ISS Shareholder Proposals

Code for preparing ISS Voting Analytics data for further analysis on shareholder proposals
Data
R
Authors
Affiliation

WU Vienna University of Economics and Business

WU Vienna University of Economics and Business

Published

June 13, 2025

In this blog post, we show how to obtain and analyze shareholder proposal voting data for publicly listed firms in the US. For context, the SEC allows shareholders to submit proposals a few months before the annual general meeting (AGM), and these proposals end up on the ballot and are voted on if (1) a firm’s management does not submit a ‘no-action request’ accepted by the SEC or (2) management and shareholders do not reach an agreement prior to the AGM. Voting outcomes are non-binding, but management usually experiences pressure from organizations such as the Council of Institutional Investors (CII) if they do not adequately act on a proposal’s voting outcome (Bach and Metzger 2017). We refer to data provided by Institutional Shareholder Services (ISS), which gained popularity as one of the major US proxy advisors. A proxy advisor provides recommendations to institutional investors on how to vote on proposals at AGMs, and in this context, ISS has used its advantageous position to build an extensive database that collects information on management and shareholder proposals.
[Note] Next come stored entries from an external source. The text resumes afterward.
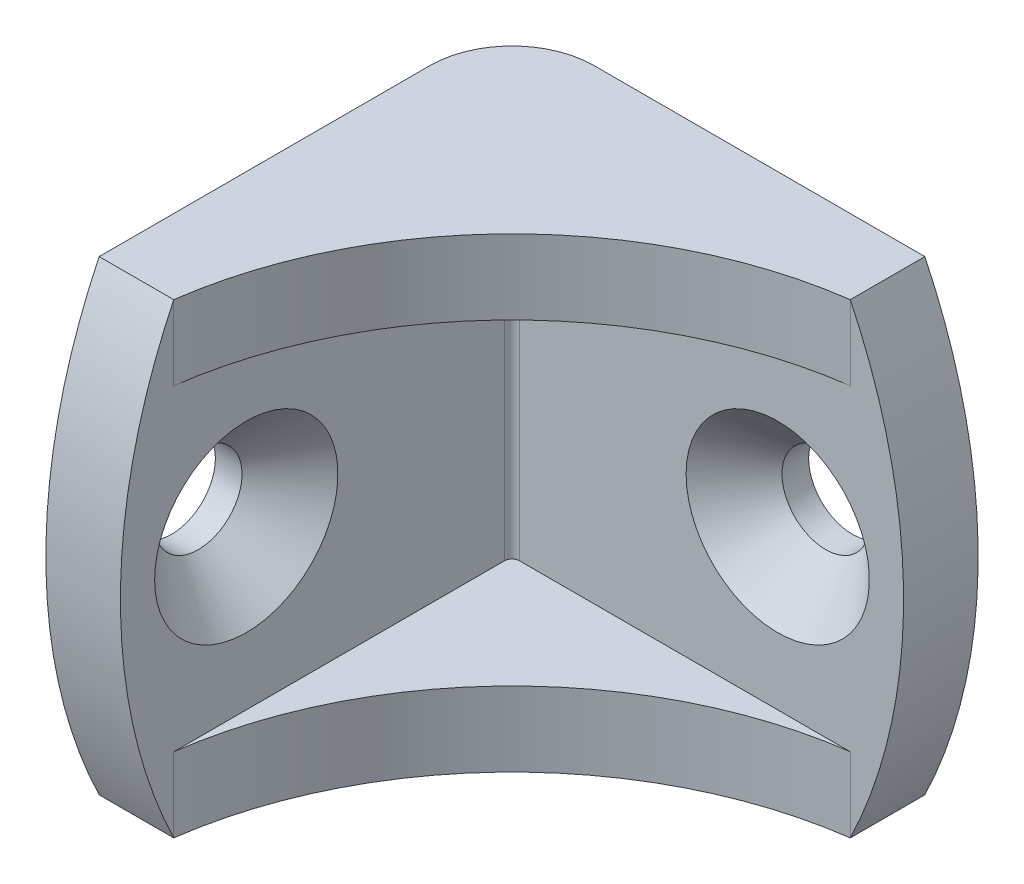
ISO-10303-21;
HEADER;
FILE_DESCRIPTION(('STEP AP214'),'2;1');
FILE_NAME('part.step','',(''),(''),'','','');
FILE_SCHEMA(('AUTOMOTIVE_DESIGN { 1 0 10303 214 1 1 1 1 }'));
ENDSEC;
DATA;
#1=APPLICATION_CONTEXT('core data for automotive mechanical design processes');
#2=APPLICATION_PROTOCOL_DEFINITION('international standard','automotive_design',2000,#1);
#3=PRODUCT_CONTEXT('',#1,'mechanical');
#4=PRODUCT('Part','Part','',(#3));
#5=PRODUCT_RELATED_PRODUCT_CATEGORY('part','',(#4));
#6=PRODUCT_DEFINITION_FORMATION('','',#4);
#7=PRODUCT_DEFINITION_CONTEXT('part definition',#1,'design');
#8=PRODUCT_DEFINITION('design','',#6,#7);
#9=PRODUCT_DEFINITION_SHAPE('','',#8);
#10=(LENGTH_UNIT() NAMED_UNIT(*) SI_UNIT(.MILLI.,.METRE.));
#11=(NAMED_UNIT(*) PLANE_ANGLE_UNIT() SI_UNIT($,.RADIAN.));
#12=(NAMED_UNIT(*) SI_UNIT($,.STERADIAN.) SOLID_ANGLE_UNIT());
#13=UNCERTAINTY_MEASURE_WITH_UNIT(LENGTH_MEASURE(1.E-05),#10,'distance_accuracy_value','');
#14=(GEOMETRIC_REPRESENTATION_CONTEXT(3) GLOBAL_UNCERTAINTY_ASSIGNED_CONTEXT((#13)) GLOBAL_UNIT_ASSIGNED_CONTEXT((#10,
#11,#12)) REPRESENTATION_CONTEXT('',''));
#15=CARTESIAN_POINT('',(0.,0.,0.));
#16=DIRECTION('',(0.,0.,1.));
#17=DIRECTION('',(1.,0.,0.));
#18=AXIS2_PLACEMENT_3D('',#15,#16,#17);
#19=CARTESIAN_POINT('',(3.9116,11.1125,3.556));
#20=DIRECTION('',(0.,0.,-1.));
#21=DIRECTION('',(-1.,0.,0.));
#22=AXIS2_PLACEMENT_3D('',#19,#20,#21);
#23=PLANE('',#22);
#24=CARTESIAN_POINT('',(16.225,0.,3.556));
#25=DIRECTION('',(0.,0.,-1.));
#26=DIRECTION('',(-1.,0.,0.));
#27=AXIS2_PLACEMENT_3D('',#24,#25,#26);
#28=CIRCLE('',#27,4.3688);
#29=CARTESIAN_POINT('',(11.8562,0.,3.556));
#30=VERTEX_POINT('',#29);
#31=EDGE_CURVE('E183',#30,#30,#28,.T.);
#32=ORIENTED_EDGE('',*,*,#31,.T.);
#33=EDGE_LOOP('',(#32));
#34=FACE_BOUND('',#33,.T.);
#35=CARTESIAN_POINT('',(-3.35359375000001,0.,3.556));
#36=DIRECTION('',(0.,0.,-1.));
#37=DIRECTION('',(-1.,0.,0.));
#38=AXIS2_PLACEMENT_3D('',#35,#36,#37);
#39=CIRCLE('',#38,25.57859375);
#40=CARTESIAN_POINT('',(19.685,11.1125,3.55600000000002));
#41=VERTEX_POINT('',#40);
#42=CARTESIAN_POINT('',(19.685,-11.1125,3.556));
#43=VERTEX_POINT('',#42);
#44=EDGE_CURVE('E115',#41,#43,#39,.T.);
#45=ORIENTED_EDGE('',*,*,#44,.F.);
#46=DIRECTION('',(0.,1.,0.));
#47=VECTOR('',#46,1.);
#48=CARTESIAN_POINT('',(19.685,7.5565,3.556));
#49=LINE('',#48,#47);
#50=CARTESIAN_POINT('',(19.685,7.5565,3.556));
#51=VERTEX_POINT('',#50);
#52=EDGE_CURVE('E128',#51,#41,#49,.T.);
#53=ORIENTED_EDGE('',*,*,#52,.F.);
#54=DIRECTION('',(-1.,0.,0.));
#55=VECTOR('',#54,1.);
#56=CARTESIAN_POINT('',(3.9116,7.5565,3.556));
#57=LINE('',#56,#55);
#58=CARTESIAN_POINT('',(3.9116,7.5565,3.556));
#59=VERTEX_POINT('',#58);
#60=EDGE_CURVE('E400',#51,#59,#57,.T.);
#61=ORIENTED_EDGE('',*,*,#60,.T.);
#62=DIRECTION('',(0.,-1.,0.));
#63=VECTOR('',#62,1.);
#64=CARTESIAN_POINT('',(3.9116,11.1125,3.556));
#65=LINE('',#64,#63);
#66=CARTESIAN_POINT('',(3.9116,-7.5565,3.556));
#67=VERTEX_POINT('',#66);
#68=EDGE_CURVE('E163',#59,#67,#65,.T.);
#69=ORIENTED_EDGE('',*,*,#68,.T.);
#70=DIRECTION('',(-1.,0.,0.));
#71=VECTOR('',#70,1.);
#72=CARTESIAN_POINT('',(3.9116,-7.5565,3.556));
#73=LINE('',#72,#71);
#74=CARTESIAN_POINT('',(19.685,-7.5565,3.556));
#75=VERTEX_POINT('',#74);
#76=EDGE_CURVE('E391',#75,#67,#73,.T.);
#77=ORIENTED_EDGE('',*,*,#76,.F.);
#78=DIRECTION('',(0.,-1.,0.));
#79=VECTOR('',#78,1.);
#80=CARTESIAN_POINT('',(19.685,-7.5565,3.556));
#81=LINE('',#80,#79);
#82=EDGE_CURVE('E130',#75,#43,#81,.T.);
#83=ORIENTED_EDGE('',*,*,#82,.T.);
#84=EDGE_LOOP('',(#45,#53,#61,#69,#77,#83));
#85=FACE_BOUND('',#84,.T.);
#86=ADVANCED_FACE('F34',(#34,#85),#23,.F.);
#87=CARTESIAN_POINT('',(3.9116,11.1125,0.));
#88=DIRECTION('',(0.,0.,-1.));
#89=DIRECTION('',(-1.,0.,0.));
#90=AXIS2_PLACEMENT_3D('',#87,#88,#89);
#91=PLANE('',#90);
#92=CARTESIAN_POINT('',(16.225,0.,0.));
#93=DIRECTION('',(0.,0.,-1.));
#94=DIRECTION('',(-1.,0.,0.));
#95=AXIS2_PLACEMENT_3D('',#92,#93,#94);
#96=CIRCLE('',#95,2.0828);
#97=CARTESIAN_POINT('',(14.1422,0.,0.));
#98=VERTEX_POINT('',#97);
#99=EDGE_CURVE('E132',#98,#98,#96,.T.);
#100=ORIENTED_EDGE('',*,*,#99,.F.);
#101=EDGE_LOOP('',(#100));
#102=FACE_BOUND('',#101,.T.);
#103=DIRECTION('',(1.,0.,0.));
#104=VECTOR('',#103,1.);
#105=CARTESIAN_POINT('',(3.9116,11.1125,0.));
#106=LINE('',#105,#104);
#107=CARTESIAN_POINT('',(3.9116,11.1125,0.));
#108=VERTEX_POINT('',#107);
#109=CARTESIAN_POINT('',(19.685,11.1125,0.));
#110=VERTEX_POINT('',#109);
#111=EDGE_CURVE('E155',#108,#110,#106,.T.);
#112=ORIENTED_EDGE('',*,*,#111,.T.);
#113=CARTESIAN_POINT('',(-3.35359374999999,0.,0.));
#114=DIRECTION('',(0.,0.,-1.));
#115=DIRECTION('',(-1.,0.,0.));
#116=AXIS2_PLACEMENT_3D('',#113,#114,#115);
#117=CIRCLE('',#116,25.57859375);
#118=CARTESIAN_POINT('',(19.685,-11.1125,0.));
#119=VERTEX_POINT('',#118);
#120=EDGE_CURVE('E117',#110,#119,#117,.T.);
#121=ORIENTED_EDGE('',*,*,#120,.T.);
#122=DIRECTION('',(1.,0.,0.));
#123=VECTOR('',#122,1.);
#124=CARTESIAN_POINT('',(3.9116,-11.1125,0.));
#125=LINE('',#124,#123);
#126=CARTESIAN_POINT('',(3.9116,-11.1125,0.));
#127=VERTEX_POINT('',#126);
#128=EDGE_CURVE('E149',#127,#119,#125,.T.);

Our code relies on the following R packages.

library(tidyverse)
library(tidyfinance)
library(RSQLite)
library(readxl)
library(janitor)

Data Preparation

We start by establishing a connection to WRDS using the tidyfinance package (you can find more information here) to query the data directly through their servers. We also load stocks’ identifying information to match ISS identifiers (8-digit CUSIPs) with CRSP PERMNOs. Finally, we read in an Excel file containing granular ESG-type categorization of proposal types, which is separately provided by ISS.

wrds <- get_wrds_connection()

Fetching Shareholder Proposals

ISS provides two main datasets that contain shareholder proposals related to publicly listed US firms:

  • ISS Voting Analytics - Shareholder Proposals
  • ISS Voting Analytics - Company Vote Results US

The Shareholder Proposals table contains all shareholder proposals that were submitted to the SEC, regardless of whether they eventually came to a vote at the AGM (sample coverage: 2006 - 2024). The Company Vote Results table, on the other hand, has all proposals that made it to the ballot at AGM and hence also includes management proposals1 (sample coverage: 2002 - 2024).2 We use the Company Vote Results data as we are primarily interested in proposals that shareholders actually voted on, and exploit the slightly longer sample period. We extract company names and identifiers, meeting dates, vote shares, and short descriptions of proposal contents.

va_vote_results <- tbl(wrds, I("iss_va_vote_us.vavoteresults")) |> 
  select(cusip, companyid, name, ticker,
         meetingdate, recorddate, meetingid,
         sponsor, itemonagendaid, issagendaitemid,
         agendageneraldesc, itemdesc,
         outstandingshare, voterequirement, base,
         votedabstain, votedagainst, votedfor, votedwithheld) |>
  collect()

In order to filter for proposals submitted by shareholders, we refer to the variable sponsor and keep the sponsor type denoted as "Shareholder".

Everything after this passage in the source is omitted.